§ **Work to complete**: Write the listing out again, exactly as it appears.

### Input data ###

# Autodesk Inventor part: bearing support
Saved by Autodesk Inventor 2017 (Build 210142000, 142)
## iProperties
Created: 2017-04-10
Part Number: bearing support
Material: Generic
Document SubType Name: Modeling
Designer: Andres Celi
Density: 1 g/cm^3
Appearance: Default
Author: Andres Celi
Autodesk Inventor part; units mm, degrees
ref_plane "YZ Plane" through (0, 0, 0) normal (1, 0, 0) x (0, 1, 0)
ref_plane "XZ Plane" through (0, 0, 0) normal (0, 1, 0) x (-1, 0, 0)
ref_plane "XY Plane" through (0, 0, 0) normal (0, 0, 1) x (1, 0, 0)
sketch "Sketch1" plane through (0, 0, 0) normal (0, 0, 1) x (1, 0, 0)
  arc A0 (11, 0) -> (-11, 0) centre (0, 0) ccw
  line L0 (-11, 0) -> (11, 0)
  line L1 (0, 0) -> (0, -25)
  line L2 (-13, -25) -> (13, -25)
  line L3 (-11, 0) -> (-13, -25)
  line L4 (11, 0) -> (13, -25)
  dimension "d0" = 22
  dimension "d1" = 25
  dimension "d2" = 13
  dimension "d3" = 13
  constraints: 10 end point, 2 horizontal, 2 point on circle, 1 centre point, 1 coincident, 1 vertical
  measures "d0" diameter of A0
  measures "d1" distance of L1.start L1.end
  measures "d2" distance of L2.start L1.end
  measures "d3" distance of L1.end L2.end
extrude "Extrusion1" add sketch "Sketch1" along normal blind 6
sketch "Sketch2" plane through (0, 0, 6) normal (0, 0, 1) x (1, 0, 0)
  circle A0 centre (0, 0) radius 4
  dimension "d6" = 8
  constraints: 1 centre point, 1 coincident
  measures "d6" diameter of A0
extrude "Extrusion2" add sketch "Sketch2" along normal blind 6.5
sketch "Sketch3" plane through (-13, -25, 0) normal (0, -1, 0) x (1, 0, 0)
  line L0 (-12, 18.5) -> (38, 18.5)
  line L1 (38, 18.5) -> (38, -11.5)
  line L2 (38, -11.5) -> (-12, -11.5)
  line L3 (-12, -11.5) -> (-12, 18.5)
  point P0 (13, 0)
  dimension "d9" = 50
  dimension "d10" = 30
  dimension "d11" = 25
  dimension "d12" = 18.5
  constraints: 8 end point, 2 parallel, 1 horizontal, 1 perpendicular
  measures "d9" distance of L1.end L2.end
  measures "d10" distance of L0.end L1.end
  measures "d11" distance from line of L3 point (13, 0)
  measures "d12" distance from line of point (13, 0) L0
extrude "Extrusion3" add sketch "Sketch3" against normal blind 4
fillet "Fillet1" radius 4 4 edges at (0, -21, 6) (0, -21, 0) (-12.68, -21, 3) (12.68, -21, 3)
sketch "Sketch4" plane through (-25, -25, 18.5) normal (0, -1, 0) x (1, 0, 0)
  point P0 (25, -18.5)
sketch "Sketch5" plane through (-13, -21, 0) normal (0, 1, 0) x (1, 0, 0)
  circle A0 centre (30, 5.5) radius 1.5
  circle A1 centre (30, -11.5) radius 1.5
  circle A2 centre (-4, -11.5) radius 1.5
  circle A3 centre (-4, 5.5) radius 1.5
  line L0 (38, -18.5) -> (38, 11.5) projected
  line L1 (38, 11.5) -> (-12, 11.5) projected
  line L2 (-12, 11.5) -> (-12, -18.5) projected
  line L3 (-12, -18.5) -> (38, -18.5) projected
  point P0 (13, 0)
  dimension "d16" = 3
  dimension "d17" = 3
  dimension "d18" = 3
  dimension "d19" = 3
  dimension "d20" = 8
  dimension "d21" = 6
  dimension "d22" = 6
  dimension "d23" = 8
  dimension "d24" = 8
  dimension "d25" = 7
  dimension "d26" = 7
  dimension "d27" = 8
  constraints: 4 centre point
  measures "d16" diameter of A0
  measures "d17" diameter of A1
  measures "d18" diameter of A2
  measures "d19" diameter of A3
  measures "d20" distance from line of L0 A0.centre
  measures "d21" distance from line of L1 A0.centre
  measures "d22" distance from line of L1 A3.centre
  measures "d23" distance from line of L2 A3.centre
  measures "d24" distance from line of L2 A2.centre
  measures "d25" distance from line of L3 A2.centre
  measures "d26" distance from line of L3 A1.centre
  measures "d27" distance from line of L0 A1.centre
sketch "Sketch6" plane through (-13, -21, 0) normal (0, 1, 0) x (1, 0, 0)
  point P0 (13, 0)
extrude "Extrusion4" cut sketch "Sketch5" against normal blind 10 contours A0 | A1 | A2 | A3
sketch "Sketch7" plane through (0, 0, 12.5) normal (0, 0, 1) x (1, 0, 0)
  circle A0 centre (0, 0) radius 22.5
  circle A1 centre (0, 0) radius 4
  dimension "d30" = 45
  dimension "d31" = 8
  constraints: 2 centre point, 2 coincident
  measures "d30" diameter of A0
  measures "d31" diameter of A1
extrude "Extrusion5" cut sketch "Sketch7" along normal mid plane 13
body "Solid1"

###

§ **Solution**:
# Autodesk Inventor part: bearing support
Saved by Autodesk Inventor 2017 (Build 210142000, 142)
## iProperties
Created: 2017-04-10
Part Number: bearing support
Material: Generic
Document SubType Name: Modeling
Designer: Andres Celi
Density: 1 g/cm^3
Appearance: Default
Author: Andres Celi
Autodesk Inventor part; units mm, degrees
ref_plane "YZ Plane" through (0, 0, 0) normal (1, 0, 0) x (0, 1, 0)
ref_plane "XZ Plane" through (0, 0, 0) normal (0, 1, 0) x (-1, 0, 0)
ref_plane "XY Plane" through (0, 0, 0) normal (0, 0, 1) x (1, 0, 0)
sketch "Sketch1" plane through (0, 0, 0) normal (0, 0, 1) x (1, 0, 0)
  arc A0 (11, 0) -> (-11, 0) centre (0, 0) ccw
  line L0 (-11, 0) -> (11, 0)
  line L1 (0, 0) -> (0, -25)
  line L2 (-13, -25) -> (13, -25)
  line L3 (-11, 0) -> (-13, -25)
  line L4 (11, 0) -> (13, -25)
  dimension "d0" = 22
  dimension "d1" = 25
  dimension "d2" = 13
  dimension "d3" = 13
  constraints: 10 end point, 2 horizontal, 2 point on circle, 1 centre point, 1 coincident, 1 vertical
  measures "d0" diameter of A0
  measures "d1" distance of L1.start L1.end
  measures "d2" distance of L2.start L1.end
  measures "d3" distance of L1.end L2.end
extrude "Extrusion1" add sketch "Sketch1" along normal blind 6
sketch "Sketch2" plane through (0, 0, 6) normal (0, 0, 1) x (1, 0, 0)
  circle A0 centre (0, 0) radius 4
  dimension "d6" = 8
  constraints: 1 centre point, 1 coincident
  measures "d6" diameter of A0
extrude "Extrusion2" add sketch "Sketch2" along normal blind 6.5
sketch "Sketch3" plane through (-13, -25, 0) normal (0, -1, 0) x (1, 0, 0)
  line L0 (-12, 18.5) -> (38, 18.5)
  line L1 (38, 18.5) -> (38, -11.5)
  line L2 (38, -11.5) -> (-12, -11.5)
  line L3 (-12, -11.5) -> (-12, 18.5)
  point P0 (13, 0)
  dimension "d9" = 50
  dimension "d10" = 30
  dimension "d11" = 25
  dimension "d12" = 18.5
  constraints: 8 end point, 2 parallel, 1 horizontal, 1 perpendicular
  measures "d9" distance of L1.end L2.end
  measures "d10" distance of L0.end L1.end
  measures "d11" distance from line of L3 point (13, 0)
  measures "d12" distance from line of point (13, 0) L0
extrude "Extrusion3" add sketch "Sketch3" against normal blind 4
fillet "Fillet1" radius 4 4 edges at (0, -21, 6) (0, -21, 0) (-12.68, -21, 3) (12.68, -21, 3)
sketch "Sketch4" plane through (-25, -25, 18.5) normal (0, -1, 0) x (1, 0, 0)
  point P0 (25, -18.5)
sketch "Sketch5" plane through (-13, -21, 0) normal (0, 1, 0) x (1, 0, 0)
  circle A0 centre (30, 5.5) radius 1.5
  circle A1 centre (30, -11.5) radius 1.5
  circle A2 centre (-4, -11.5) radius 1.5
  circle A3 centre (-4, 5.5) radius 1.5
  line L0 (38, -18.5) -> (38, 11.5) projected
  line L1 (38, 11.5) -> (-12, 11.5) projected
  line L2 (-12, 11.5) -> (-12, -18.5) projected
  line L3 (-12, -18.5) -> (38, -18.5) projected
  point P0 (13, 0)
  dimension "d16" = 3
  dimension "d17" = 3
  dimension "d18" = 3
  dimension "d19" = 3
  dimension "d20" = 8
  dimension "d21" = 6
  dimension "d22" = 6
  dimension "d23" = 8
  dimension "d24" = 8
  dimension "d25" = 7
  dimension "d26" = 7
  dimension "d27" = 8
  constraints: 4 centre point
  measures "d16" diameter of A0
  measures "d17" diameter of A1
  measures "d18" diameter of A2
  measures "d19" diameter of A3
  measures "d20" distance from line of L0 A0.centre
  measures "d21" distance from line of L1 A0.centre
  measures "d22" distance from line of L1 A3.centre
  measures "d23" distance from line of L2 A3.centre
  measures "d24" distance from line of L2 A2.centre
  measures "d25" distance from line of L3 A2.centre
  measures "d26" distance from line of L3 A1.centre
  measures "d27" distance from line of L0 A1.centre
sketch "Sketch6" plane through (-13, -21, 0) normal (0, 1, 0) x (1, 0, 0)
  point P0 (13, 0)
extrude "Extrusion4" cut sketch "Sketch5" against normal blind 10 contours A0 | A1 | A2 | A3
sketch "Sketch7" plane through (0, 0, 12.5) normal (0, 0, 1) x (1, 0, 0)
  circle A0 centre (0, 0) radius 22.5
  circle A1 centre (0, 0) radius 4
  dimension "d30" = 45
  dimension "d31" = 8
  constraints: 2 centre point, 2 coincident
  measures "d30" diameter of A0
  measures "d31" diameter of A1
extrude "Extrusion5" cut sketch "Sketch7" along normal mid plane 13
body "Solid1"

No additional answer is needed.